The latest to benefit from this trend is CoinDCX, which on Tuesday raised $90 million, becoming India’s first crypto unicorn with a valuation of $1.1 billion. The round was led by Facebook co-founder Eduardo Saverin’s B Capital.

CoinDCX’s new funding round accounts for over half of the money spent on crypto firms this year, but industry executives said many more such deals are expected.

Crypto exchanges are expected to raise more money. “We are at the point where we can pick and choose which investors to go with," said an industry executive who has been raising funds for the past few months.

Top crypto exchanges are being courted by big VC firms, while there are many smaller firms looking for seed funding for decentralized applications and crypto-wallets. “The cryptocurrency industry is steaming hot. 2021 has seen an accelerated interest in the crypto space as companies look to gain exposure to the market. A number of sectors floundered in FY21, given the challenges of doing business in a pandemic environment.
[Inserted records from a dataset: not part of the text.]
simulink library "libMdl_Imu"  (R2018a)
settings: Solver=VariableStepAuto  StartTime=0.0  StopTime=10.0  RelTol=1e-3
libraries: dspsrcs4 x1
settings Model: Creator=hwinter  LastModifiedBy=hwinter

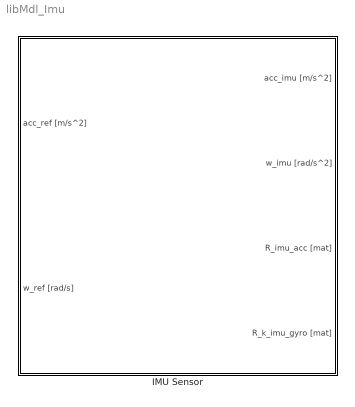
== system libMdl_Imu ==
  IMU Sensor : Subsystem  TreatAsAtomicUnit=on  SystemSampleTime=mv_T_imu  mask(IMU Sensor){mv_T_imu=-1, mv_sigma_imu_acc=[], mv_sigma_imu_gyro=[], mv_z_0_imu_acc=[], mv_z_0_imu_gyro=[], mv_seed_imu=[]}
      mask prompts: mv_T_imu "Sample time:"; mv_sigma_imu_acc "sigma_w_acc:"; mv_sigma_imu_gyro "sigma_w_gyro:"; mv_z_0_imu_acc "z_0_acc:"; mv_z_0_imu_gyro "z_0_gyro:"; mv_seed_imu "Seed:"
      mask help:
      | Sample Time:
      | Sample time of the block in seconds
      |
      | sigma_w_acc:
      | Standard deviation of the acceleration outputs
      | (format: [sigma_acc_x, sigma_acc_y, sigma_acc_z])
      |
      | sigma_w_gyro:
      | Standard deviation of the gyroscope outputs
      | (format: [sigma_gyro_roll, sigma_gyro_pitch, sigma_gyro_yaw])
      |
      | z_0_acc:
      | Initial accelerations
      | (format: [a_0_x, a_0_y, a_0_z])
      |
      | z_0_gyro:
      | Initial turn rates
      | (format: [w_0_roll, w_0_pitch, w_0_yaw]
      |
      | Seed:
      | Choose a seed for the random number generator
      mask init:
      | % parameter_field_name = 'RepMode';
      | % type_options = {'Repeatable','Not repeatable'};
      | % 
      | % block_handle = find_system(gcbh,'LookUnderMasks','all','Name','rnd_src');
      | % set_param(block_handle,parameter_field_name,type_options{mv_rep_mode});
      mask Display:
      | str1 = sprintf('\\color{black}{\\bf IMU}\n\n');
      | str2 = sprintf('Sample Time: %0.2f\n\n',mv_T_imu);
      | if length(mv_sigma_imu_acc) > 1
      |     str3 = sprintf('\\sigma_{x}: %0.2f\n',mv_sigma_imu_acc(1));
      |     str4 = sprintf('\\sigma_{y}: %0.2f\n',mv_sigma_imu_acc(2));
      |     str5 = sprintf('\\sigma_{z}: %0.2f\n',mv_sigma_imu_acc(3));
      | else
      |     str3 = sprintf('\\sigma_{x}: []\n');
      |     str4 = sprintf('\\sigma_{y}: []\n');
      |     str5 = sprintf('\\sigma_{z}: []\n');
      | end % if
      | if length(mv_sigma_imu_gyro) > 1
      |     str6 = sprintf('\\sigma_{roll}: %0.2f\n',mv_sigma_imu_gyro(1));
      |     str7 = sprintf('\\sigma_{pitch}: %0.2f\n',mv_sigma_imu_gyro(2));
      |     str8 = sprintf('\\sigma_{yaw}: %0.2f\n\n',mv_sigma_imu_gyro(3));
      | else
      |     str6 = sprintf('\\sigma_{roll}: []\n');
      |     str7 = sprintf('\\sigma_{pitch}: []\n');
      |     str8 = sprintf('\\sigma_{yaw}: []\n\n');
      | end % if
      | if length(mv_z_0_imu_acc) <= 3
      |     str9 = sprintf('z_0 (acc): %s\n',mat2str(mv_z_0_imu_acc,5));
      | else
      |     str9 = sprintf('z_0 (acc): [...]\n');
      | end % if
      | if length(mv_z_0_imu_gyro) <= 3
      |     str10 = sprintf('z_0 (gyro): %s\n\n',mat2str(mv_z_0_imu_gyro,5));
      | else
      |     str10 = sprintf('z_0 (gyro): [...]\n\n');
      | end % if
      | str11 = sprintf('Seed: %i\n\n',mv_seed_imu);
      | 
      | str = [str1,str2,str3,str4,str5,str6,str7,str8,str9,str10,str11];
      | 
      | text( 0.5,0.5, ...
      |       str, ...
      |       'horizontalAlignment', 'center', ...
      |       'texmode','on' ...
      |     )

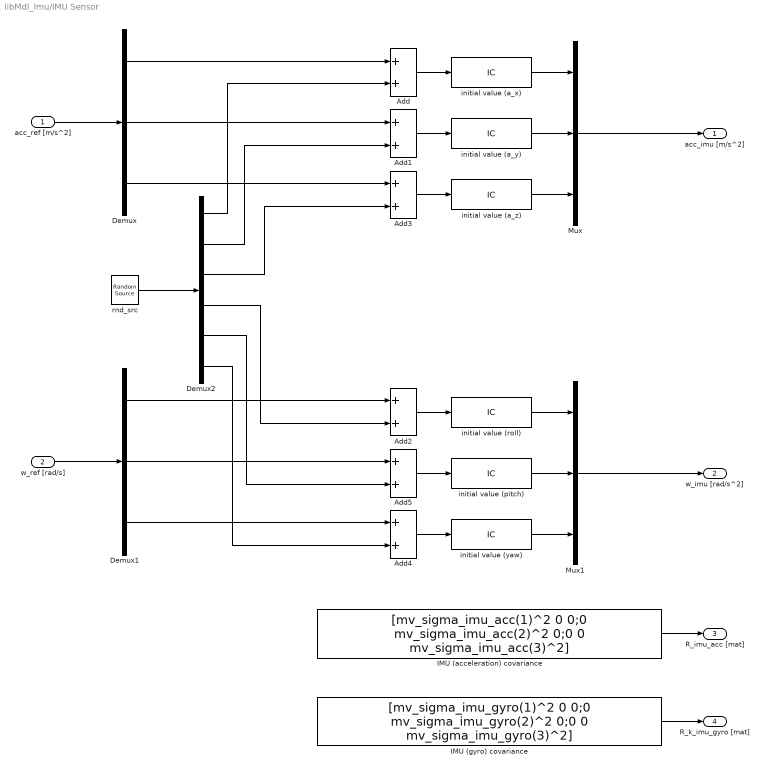
== system libMdl_Imu/IMU Sensor ==
  acc_ref [m/s^2] : Inport
  w_ref [rad/s] : Inport  Port=2
  Add{,1..5} (6 alike) : Sum
  Demux : Demux  Outputs=3
  Demux1 : Demux  Outputs=3
  Demux2 : Demux  Outputs=6
  IMU (acceleration) covariance : Constant  Value=[mv_sigma_imu_acc(1)^2 0 0;0 mv_sigma_imu_acc(2)^2 0;0 0 mv_sigma_imu_acc(3)^2]
  IMU (gyro) covariance : Constant  Value=[mv_sigma_imu_gyro(1)^2 0 0;0 mv_sigma_imu_gyro(2)^2 0;0 0 mv_sigma_imu_gyro(3)^2]
  Mux : Mux  Inputs=3
  Mux1 : Mux  Inputs=3
  initial value (a_x) : InitialCondition  Value=mv_z_0_imu_acc(1)
  initial value (a_y) : InitialCondition  Value=mv_z_0_imu_acc(2)
  initial value (a_z) : InitialCondition  Value=mv_z_0_imu_acc(3)
  initial value (pitch) : InitialCondition  Value=mv_z_0_imu_gyro(2)
  initial value (roll) : InitialCondition  Value=mv_z_0_imu_gyro(1)
  initial value (yaw) : InitialCondition  Value=mv_z_0_imu_gyro(3)
  rnd_src : dspsrcs4/Random Source  SrcType=Gaussian  NormMethod=Ziggurat  CltLength=12  MinVal=0  MaxVal=1  MeanVal=[0 0 0, 0 0 0]  VarVal=[mv_sigma_imu_acc.^2, mv_sigma_imu_gyro.^2]  RepMode=Specify seed  rawSeed=mv_seed_imu  IsInherit=on  SampMode=Discrete  SampTime=1  SampFrame=1  DataType=Double  OutComplex=Real  OutputFrames=off
  acc_imu [m/s^2] : Outport
  w_imu [rad/s^2] : Outport  Port=2
  R_imu_acc [mat] : Outport  Port=3
  R_k_imu_gyro [mat] : Outport  Port=4
  wires:
  Demux2/6 -> Add4/2
  Demux2/5 -> Add5/2
  Demux2/4 -> Add2/2
  Demux2/3 -> Add3/2
  Demux2/2 -> Add1/2
  Demux2/1 -> Add/2
  rnd_src/1 -> Demux2/1
  Mux/1 -> acc_imu [m/s^2]/1
  Demux/3 -> Add3/1
  Demux/2 -> Add1/1
  Demux/1 -> Add/1
  acc_ref [m/s^2]/1 -> Demux/1
  Add3/1 -> initial value (a_z)/1
  Add1/1 -> initial value (a_y)/1
  Add/1 -> initial value (a_x)/1
  IMU (gyro) covariance/1 -> R_k_imu_gyro [mat]/1
  Add4/1 -> initial value (yaw)/1
  Demux1/2 -> Add5/1
  Demux1/3 -> Add4/1
  Add2/1 -> initial value (roll)/1
  initial value (roll)/1 -> Mux1/1
  w_ref [rad/s]/1 -> Demux1/1
  initial value (yaw)/1 -> Mux1/3
  Add5/1 -> initial value (pitch)/1
  Mux1/1 -> w_imu [rad/s^2]/1
  initial value (pitch)/1 -> Mux1/2
  Demux1/1 -> Add2/1
  initial value (a_z)/1 -> Mux/3
  IMU (acceleration) covariance/1 -> R_imu_acc [mat]/1
  initial value (a_x)/1 -> Mux/1
  initial value (a_y)/1 -> Mux/2

Fintech, for the most part, was not one of them," said Sharan Nair, chief business officer of Coinswitch Kuber, one of the top exchanges in India. “Crypto market was a hot area of investment during these tough times. VC funds have invested $17 billion (globally) into the industry during the first half of this year, which is the highest of any year so far," he added.

“VC interest was always there, even earlier since the Supreme Court ruling last year," said another senior industry executive.

He noted that the informal notice from the Reserve Bank of India (RBI) to banks earlier this year did affect industry morale for a while, but VC interest continues to rise, albeit with caution. “I think they all know that at some stage, each of these countries can’t ignore it (crypto). If you want to be a digital economy, you have to embrace everything digital while managing the risks,"he added.

Fears of an overarching crypto ban started this year when a bill appeared on the agenda of the Budget session of the Parliament in February. This bill was expected to lay the framework for a central bank digital currency (CBDC) and ban all private cryptocurrencies, though it was never tabled.

Things now seem to be easing on the regulatory front, with many industry experts believing that an overarching ban is unlikely. “There are two parts to the bill. One is creating CBDC, where I don’t see a challenge or controversy. The debate has always been on private crypto and whether they should be allowed to be traded or not," said Navin Surya, advisory board member at the Blockchain and Crypto Assets Council formed by the Internet and Mobile Association of India.